Reel Time is right. Its' not the words. It's the heart and what you're intent is that matters. You don't even need to speak, just visualize your need. It will be heard.


----------



## Crow's Nest (Dec 4, 2009)

Also, share the reason for prayer so that everyone can pray with and for you.


----------



## Melon (Jun 1, 2004)

http://2coolfishing.com/ttmbforum/showthread.php?p=2555731#post2555731


----------



## Crow's Nest (Dec 4, 2009)

Thanks Melon, Prayers on the way.

And your deep concern has been noted by those that can make a difference. 

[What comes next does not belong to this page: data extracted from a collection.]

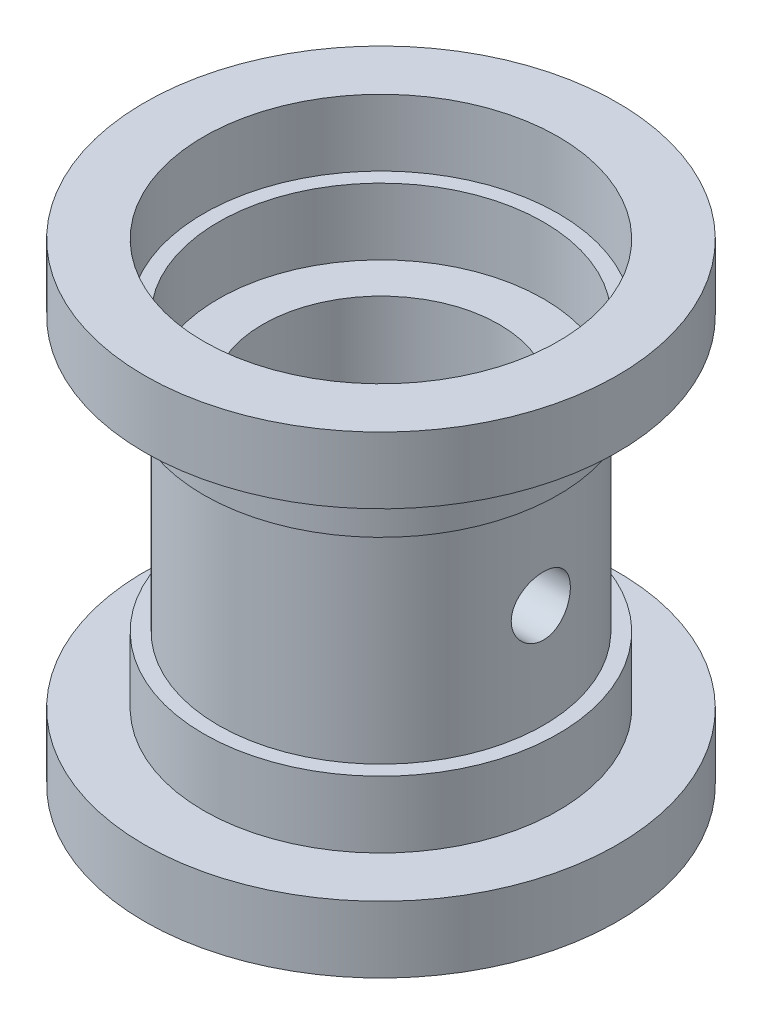
ISO-10303-21;
HEADER;
FILE_DESCRIPTION(('STEP AP214'),'2;1');
FILE_NAME('part.step','',(''),(''),'','','');
FILE_SCHEMA(('AUTOMOTIVE_DESIGN { 1 0 10303 214 1 1 1 1 }'));
ENDSEC;
DATA;
#1=APPLICATION_CONTEXT('core data for automotive mechanical design processes');
#2=APPLICATION_PROTOCOL_DEFINITION('international standard','automotive_design',2000,#1);
#3=PRODUCT_CONTEXT('',#1,'mechanical');
#4=PRODUCT('Part','Part','',(#3));
#5=PRODUCT_RELATED_PRODUCT_CATEGORY('part','',(#4));
#6=PRODUCT_DEFINITION_FORMATION('','',#4);
#7=PRODUCT_DEFINITION_CONTEXT('part definition',#1,'design');
#8=PRODUCT_DEFINITION('design','',#6,#7);
#9=PRODUCT_DEFINITION_SHAPE('','',#8);
#10=(LENGTH_UNIT() NAMED_UNIT(*) SI_UNIT(.MILLI.,.METRE.));
#11=(NAMED_UNIT(*) PLANE_ANGLE_UNIT() SI_UNIT($,.RADIAN.));
#12=(NAMED_UNIT(*) SI_UNIT($,.STERADIAN.) SOLID_ANGLE_UNIT());
#13=UNCERTAINTY_MEASURE_WITH_UNIT(LENGTH_MEASURE(1.E-05),#10,'distance_accuracy_value','');
#14=(GEOMETRIC_REPRESENTATION_CONTEXT(3) GLOBAL_UNCERTAINTY_ASSIGNED_CONTEXT((#13)) GLOBAL_UNIT_ASSIGNED_CONTEXT((#10,
#11,#12)) REPRESENTATION_CONTEXT('',''));
#15=CARTESIAN_POINT('',(0.,0.,0.));
#16=DIRECTION('',(0.,0.,1.));
#17=DIRECTION('',(1.,0.,0.));
#18=AXIS2_PLACEMENT_3D('',#15,#16,#17);
#19=CARTESIAN_POINT('',(0.,32.,0.));
#20=DIRECTION('',(0.,-1.,0.));
#21=DIRECTION('',(0.,0.,-1.));
#22=AXIS2_PLACEMENT_3D('',#19,#20,#21);
#23=CYLINDRICAL_SURFACE('',#22,32.);
#24=CARTESIAN_POINT('',(0.,-32.,0.));
#25=DIRECTION('',(0.,1.,0.));
#26=DIRECTION('',(0.,0.,1.));
#27=AXIS2_PLACEMENT_3D('',#24,#25,#26);
#28=CIRCLE('',#27,32.);
#29=CARTESIAN_POINT('',(0.,-32.,32.));
#30=VERTEX_POINT('',#29);
#31=EDGE_CURVE('E59',#30,#30,#28,.T.);
#32=ORIENTED_EDGE('',*,*,#31,.T.);
#33=EDGE_LOOP('',(#32));
#34=FACE_BOUND('',#33,.T.);
#35=CARTESIAN_POINT('',(0.,-23.,0.));
#36=DIRECTION('',(0.,1.,0.));
#37=DIRECTION('',(0.,0.,1.));
#38=AXIS2_PLACEMENT_3D('',#35,#36,#37);
#39=CIRCLE('',#38,32.);
#40=CARTESIAN_POINT('',(0.,-23.,32.));
#41=VERTEX_POINT('',#40);
#42=EDGE_CURVE('E11',#41,#41,#39,.T.);
#43=ORIENTED_EDGE('',*,*,#42,.F.);
#44=EDGE_LOOP('',(#43));
#45=FACE_BOUND('',#44,.T.);
#46=ADVANCED_FACE('F46',(#34,#45),#23,.T.);
#47=CARTESIAN_POINT('',(0.,32.,0.));
#48=DIRECTION('',(0.,-1.,0.));
#49=DIRECTION('',(0.,0.,-1.));
#50=AXIS2_PLACEMENT_3D('',#47,#48,#49);
#51=CYLINDRICAL_SURFACE('',#50,24.);
#52=CARTESIAN_POINT('',(0.,-32.,0.));
#53=DIRECTION('',(0.,1.,0.));
#54=DIRECTION('',(0.,0.,1.));
#55=AXIS2_PLACEMENT_3D('',#52,#53,#54);
#56=CIRCLE('',#55,24.);
#57=CARTESIAN_POINT('',(0.,-32.,24.));
#58=VERTEX_POINT('',#57);
#59=EDGE_CURVE('E53',#58,#58,#56,.T.);
#60=ORIENTED_EDGE('',*,*,#59,.F.);
#61=EDGE_LOOP('',(#60));
#62=FACE_BOUND('',#61,.T.);
#63=CARTESIAN_POINT('',(0.,-23.,0.));
#64=DIRECTION('',(0.,1.,0.));
#65=DIRECTION('',(0.,0.,1.));
#66=AXIS2_PLACEMENT_3D('',#63,#64,#65);
#67=CIRCLE('',#66,24.);
#68=CARTESIAN_POINT('',(0.,-23.,24.));
#69=VERTEX_POINT('',#68);
#70=EDGE_CURVE('E49',#69,#69,#67,.T.);
#71=ORIENTED_EDGE('',*,*,#70,.T.);
#72=EDGE_LOOP('',(#71));
#73=FACE_BOUND('',#72,.T.);
#74=ADVANCED_FACE('F66',(#62,#73),#51,.F.);
#75=CARTESIAN_POINT('',(0.,-32.,0.));
#76=DIRECTION('',(0.,1.,0.));
#77=DIRECTION('',(0.,0.,1.));
#78=AXIS2_PLACEMENT_3D('',#75,#76,#77);
#79=PLANE('',#78);
#80=ORIENTED_EDGE('',*,*,#59,.T.);
#81=EDGE_LOOP('',(#80));
#82=FACE_BOUND('',#81,.T.);
#83=ORIENTED_EDGE('',*,*,#31,.F.);
#84=EDGE_LOOP('',(#83));
#85=FACE_BOUND('',#84,.T.);
#86=ADVANCED_FACE('F70',(#82,#85),#79,.F.);
#87=CARTESIAN_POINT('',(0.,-23.,0.));
#88=DIRECTION('',(0.,1.,0.));
#89=DIRECTION('',(0.,0.,1.));
#90=AXIS2_PLACEMENT_3D('',#87,#88,#89);
#91=PLANE('',#90);
#92=ORIENTED_EDGE('',*,*,#70,.F.);
#93=EDGE_LOOP('',(#92));
#94=FACE_BOUND('',#93,.T.);
#95=ORIENTED_EDGE('',*,*,#42,.T.);
#96=EDGE_LOOP('',(#95));
#97=FACE_BOUND('',#96,.T.);
#98=ADVANCED_FACE('F68',(#94,#97),#91,.T.);
#99=CLOSED_SHELL('',(#46,#74,#86,#98));
#100=MANIFOLD_SOLID_BREP('B2',#99);
#101=CARTESIAN_POINT('',(0.,23.,0.));
#102=DIRECTION('',(0.,1.,0.));
#103=DIRECTION('',(0.,0.,1.));
#104=AXIS2_PLACEMENT_3D('',#101,#102,#103);
#105=PLANE('',#104);
#106=CARTESIAN_POINT('',(0.,23.,0.));
#107=DIRECTION('',(0.,1.,0.));
#108=DIRECTION('',(0.,0.,1.));
#109=AXIS2_PLACEMENT_3D('',#106,#107,#108);
#110=CIRCLE('',#109,22.);
#111=CARTESIAN_POINT('',(0.,23.,22.));
#112=VERTEX_POINT('',#111);
#113=EDGE_CURVE('E136',#112,#112,#110,.T.);
#114=ORIENTED_EDGE('',*,*,#113,.F.);
#115=EDGE_LOOP('',(#114));
#116=FACE_BOUND('',#115,.T.);
#117=CARTESIAN_POINT('',(0.,23.,0.));
#118=DIRECTION('',(0.,1.,0.));
#119=DIRECTION('',(0.,0.,1.));
#120=AXIS2_PLACEMENT_3D('',#117,#118,#119);
#121=CIRCLE('',#120,24.);
#122=CARTESIAN_POINT('',(0.,23.,24.));
#123=VERTEX_POINT('',#122);
#124=EDGE_CURVE('E128',#123,#123,#121,.T.);
#125=ORIENTED_EDGE('',*,*,#124,.T.);
#126=EDGE_LOOP('',(#125));
#127=FACE_BOUND('',#126,.T.);
#128=ADVANCED_FACE('F124',(#116,#127),#105,.T.);
#129=CARTESIAN_POINT('',(0.,-23.,0.));
#130=DIRECTION('',(0.,1.,0.));
#131=DIRECTION('',(0.,0.,1.));
#132=AXIS2_PLACEMENT_3D('',#129,#130,#131);
#133=CYLINDRICAL_SURFACE('',#132,22.);
#134=CARTESIAN_POINT('',(0.,14.,0.));
#135=DIRECTION('',(0.,1.,0.));
#136=DIRECTION('',(0.,0.,1.));
#137=AXIS2_PLACEMENT_3D('',#134,#135,#136);
#138=CIRCLE('',#137,22.);
#139=CARTESIAN_POINT('',(0.,14.,22.));
#140=VERTEX_POINT('',#139);
#141=EDGE_CURVE('E132',#140,#140,#138,.T.);
#142=ORIENTED_EDGE('',*,*,#141,.F.);
#143=EDGE_LOOP('',(#142));
#144=FACE_BOUND('',#143,.T.);
#145=ORIENTED_EDGE('',*,*,#113,.T.);
#146=EDGE_LOOP('',(#145));
#147=FACE_BOUND('',#146,.T.);
#148=ADVANCED_FACE('F151',(#144,#147),#133,.F.);
#149=CARTESIAN_POINT('',(0.,14.,0.));
#150=DIRECTION('',(0.,1.,0.));
#151=DIRECTION('',(0.,0.,1.));
#152=AXIS2_PLACEMENT_3D('',#149,#150,#151);
#153=PLANE('',#152);
#154=ORIENTED_EDGE('',*,*,#141,.T.);
#155=EDGE_LOOP('',(#154));
#156=FACE_BOUND('',#155,.T.);
#157=CARTESIAN_POINT('',(0.,14.,0.));
#158=DIRECTION('',(0.,1.,0.));
#159=DIRECTION('',(0.,0.,1.));
#160=AXIS2_PLACEMENT_3D('',#157,#158,#159);
#161=CIRCLE('',#160,24.);
#162=CARTESIAN_POINT('',(0.,14.,24.));
#163=VERTEX_POINT('',#162);
#164=EDGE_CURVE('E45',#163,#163,#161,.T.);
#165=ORIENTED_EDGE('',*,*,#164,.F.);
#166=EDGE_LOOP('',(#165));
#167=FACE_BOUND('',#166,.T.);
#168=ADVANCED_FACE('F147',(#156,#167),#153,.F.);
#169=CARTESIAN_POINT('',(0.,-23.,0.));
#170=DIRECTION('',(0.,1.,0.));
#171=DIRECTION('',(0.,0.,1.));
#172=AXIS2_PLACEMENT_3D('',#169,#170,#171);
#173=CYLINDRICAL_SURFACE('',#172,24.);
#174=ORIENTED_EDGE('',*,*,#124,.F.);
#175=EDGE_LOOP('',(#174));
#176=FACE_BOUND('',#175,.T.);
#177=ORIENTED_EDGE('',*,*,#164,.T.);
#178=EDGE_LOOP('',(#177));
#179=FACE_BOUND('',#178,.T.);
#180=ADVANCED_FACE('F126',(#176,#179),#173,.T.);
#181=CLOSED_SHELL('',(#128,#148,#168,#180));
#182=MANIFOLD_SOLID_BREP('B6',#181);
#183=CARTESIAN_POINT('',(0.,-23.,0.));
#184=DIRECTION('',(0.,1.,0.));
#185=DIRECTION('',(0.,0.,1.));
#186=AXIS2_PLACEMENT_3D('',#183,#184,#185);
#187=PLANE('',#186);
#188=CARTESIAN_POINT('',(0.,-23.,0.));
#189=DIRECTION('',(0.,1.,0.));
#190=DIRECTION('',(0.,0.,1.));
#191=AXIS2_PLACEMENT_3D('',#188,#189,#190);
#192=CIRCLE('',#191,22.);
#193=CARTESIAN_POINT('',(0.,-23.,22.));
#194=VERTEX_POINT('',#193);
#195=EDGE_CURVE('E217',#194,#194,#192,.T.);
#196=ORIENTED_EDGE('',*,*,#195,.T.);
#197=EDGE_LOOP('',(#196));
#198=FACE_BOUND('',#197,.T.);
#199=CARTESIAN_POINT('',(0.,-23.,0.));
#200=DIRECTION('',(0.,1.,0.));
#201=DIRECTION('',(0.,0.,1.));
#202=AXIS2_PLACEMENT_3D('',#199,#200,#201);
#203=CIRCLE('',#202,24.);
#204=CARTESIAN_POINT('',(0.,-23.,24.));
#205=VERTEX_POINT('',#204);
#206=EDGE_CURVE('E123',#205,#205,#203,.T.);
#207=ORIENTED_EDGE('',*,*,#206,.F.);
#208=EDGE_LOOP('',(#207));
#209=FACE_BOUND('',#208,.T.);
#210=ADVANCED_FACE('F202',(#198,#209),#187,.F.);
#211=CARTESIAN_POINT('',(0.,-23.,0.));
#212=DIRECTION('',(0.,1.,0.));
#213=DIRECTION('',(0.,0.,1.));
#214=AXIS2_PLACEMENT_3D('',#211,#212,#213);
#215=CYLINDRICAL_SURFACE('',#214,22.);
#216=ORIENTED_EDGE('',*,*,#195,.F.);
#217=EDGE_LOOP('',(#216));
#218=FACE_BOUND('',#217,.T.);
#219=CARTESIAN_POINT('',(0.,-14.,0.));
#220=DIRECTION('',(0.,1.,0.));
#221=DIRECTION('',(0.,0.,1.));
#222=AXIS2_PLACEMENT_3D('',#219,#220,#221);
#223=CIRCLE('',#222,22.);
#224=CARTESIAN_POINT('',(0.,-14.,22.));
#225=VERTEX_POINT('',#224);
#226=EDGE_CURVE('E213',#225,#225,#223,.T.);
#227=ORIENTED_EDGE('',*,*,#226,.T.);
#228=EDGE_LOOP('',(#227));
#229=FACE_BOUND('',#228,.T.);
#230=ADVANCED_FACE('F204',(#218,#229),#215,.F.);
#231=CARTESIAN_POINT('',(0.,-14.,0.));
#232=DIRECTION('',(0.,1.,0.));
#233=DIRECTION('',(0.,0.,1.));
#234=AXIS2_PLACEMENT_3D('',#231,#232,#233);
#235=PLANE('',#234);
#236=ORIENTED_EDGE('',*,*,#226,.F.);
#237=EDGE_LOOP('',(#236));
#238=FACE_BOUND('',#237,.T.);
#239=CARTESIAN_POINT('',(0.,-14.,0.));
#240=DIRECTION('',(0.,1.,0.));
#241=DIRECTION('',(0.,0.,1.));
#242=AXIS2_PLACEMENT_3D('',#239,#240,#241);
#243=CIRCLE('',#242,24.);
#244=CARTESIAN_POINT('',(0.,-14.,24.));
#245=VERTEX_POINT('',#244);
#246=EDGE_CURVE('E209',#245,#245,#243,.T.);
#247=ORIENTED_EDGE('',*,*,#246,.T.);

But please understand that sometimes the answer to our prayers are not always as we want. The answer is sometimes just that the peace in knowing that their is no more pain.

Prayers non the less.


----------



## Melon (Jun 1, 2004)

I truly understand that! But......
Isaiah 26:3 Thou wilt keep him in perfect peace whose mind is stayed. on thee. because he trusteth in thee.
John 14:27 Peace I leave with you, my peace I give unto you: not as the world giveth, give I unto you. Let not your heart be troubled, neither let it be afraid.
Phil 4:7 And the peace of God, which passeth all understanding, shall keep your hearts and minds through Jesus Christ.
Psalm 144:1-2 Blessed be the Lord my strength, which teacheth my hands to war, and my finger to fight. My goodness and fortress: my high tower, And my deliverer: my shield, and he in whom I trust; who subdueth my people under me.
Jeremiah 15:21 And I will deliver thee out of the hand of the wicked, and I will redeem thee out of the hand of the terrible.
Revelation 12:11 And they overcame him by the blood of the Lord, And the word of their testimony, and they loved not their lives unto death.
Psalm 27:1 The Lord is my light and my salvation; whom shall I fear? the Lord is the strength of my life; of whom shall I be afraid.
Isaish 41:10 Fear thou not; for I am with thee: be not dismayed for I am God, I will strengthen thee; yea I will help thee; yea I will uphold thee; with the right hand of my righteous.
II Timothy 1:7 For god hath not given us the spirit of fear; but of power, and of love, and of a sound mind.
Hebrew 13:5-6 Let your conversation be without covetousness; and be content with such things as ye have: for he hath said, I will never leave thee, nor forsake thee. 6 So that we may boldly say, The Lord is my helper, and I will not fear what man shall do unto me.
Psalm 118:1-2 I will Love, thee O Lord my strength. The Lord is my rock, and my fortress, and my deliverer; my God, my strength, in whom I will trust; my buckler, and the horn of my salvation, and my high tower.
Psalm 61:2-3-4From the end of the earth will I cry unto thee, when my heart is overwhelmed; lead me to the rock that is higher than I. for thou hast been a shelter for me, and a strong tower from the enemy. I will abide in thy tabernacle for ever; I will trust in the convert of thy wings
. Luke 10:19 Behold, I give unto you power to tread on serpents and scorpions, and over all the power of the enemy: and nothing shall by any means hurt you.
Isaiah 54:17 No weapon that is formed against thee shall prosper; and every tongue that shall rise against thee in judgment thou shalt condemn. This is the heritage of the servants of the Lord, and their righteous is of me, saith the Lord.


----------



## Melon (Jun 1, 2004)

Help!


----------



## Reel Time (Oct 6, 2009)

What pokey says .... huh?
I'm not sure what you are asking.


----------



## Melon (Jun 1, 2004)

Just prey for txgoddess's family! Jesus loves us all!


----------



## Reel Time (Oct 6, 2009)

Melon said:


> Just prey for txgoddess's family! Jesus loves us all!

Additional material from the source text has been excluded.